## DATA FOR THIS TASK:
= = = = = = =

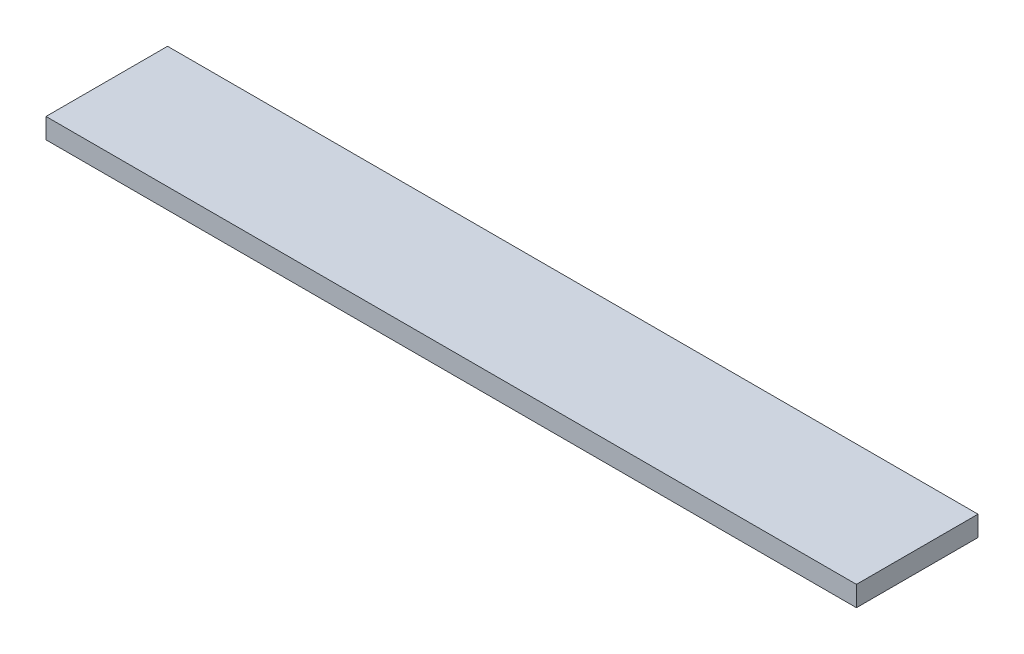
SolidWorks part; units mm, degrees
ref_plane "Front Plane" through (0, 0, 0) normal (0, 0, 1) x (1, 0, 0)
ref_plane "Top Plane" through (0, 0, 0) normal (0, 1, 0) x (1, 0, 0)
ref_plane "Right Plane" through (0, 0, 0) normal (1, 0, 0) x (0, 0, -1)
sketch "Sketch1" plane through (0, 0, 0) normal (1, 0, 0) x (0, 0, -1)
  line L1 (-76.2, -12.7) -> (76.2, -12.7)
  line L2 (-76.2, -12.7) -> (-76.2, 12.7)
  line L3 (-76.2, 12.7) -> (76.2, 12.7)
  line L4 (76.2, -12.7) -> (76.2, 12.7)
  line L5 (-76.2, -12.7) -> (76.2, 12.7) construction
  line L6 (-76.2, 12.7) -> (76.2, -12.7) construction
  point P0 (0, 0)
  dimension "D1" = 152.4
  dimension "D2" = 25.4
extrude "Boss-Extrude1" add sketch "Sketch1" along normal blind 1016

= = = = = = =

Return all the records exactly, excluding images.

SolidWorks part; units mm, degrees
ref_plane "Front Plane" through (0, 0, 0) normal (0, 0, 1) x (1, 0, 0)
ref_plane "Top Plane" through (0, 0, 0) normal (0, 1, 0) x (1, 0, 0)
ref_plane "Right Plane" through (0, 0, 0) normal (1, 0, 0) x (0, 0, -1)
sketch "Sketch1" plane through (0, 0, 0) normal (1, 0, 0) x (0, 0, -1)
  line L1 (-76.2, -12.7) -> (76.2, -12.7)
  line L2 (-76.2, -12.7) -> (-76.2, 12.7)
  line L3 (-76.2, 12.7) -> (76.2, 12.7)
  line L4 (76.2, -12.7) -> (76.2, 12.7)
  line L5 (-76.2, -12.7) -> (76.2, 12.7) construction
  line L6 (-76.2, 12.7) -> (76.2, -12.7) construction
  point P0 (0, 0)
  dimension "D1" = 152.4
  dimension "D2" = 25.4
extrude "Boss-Extrude1" add sketch "Sketch1" along normal blind 1016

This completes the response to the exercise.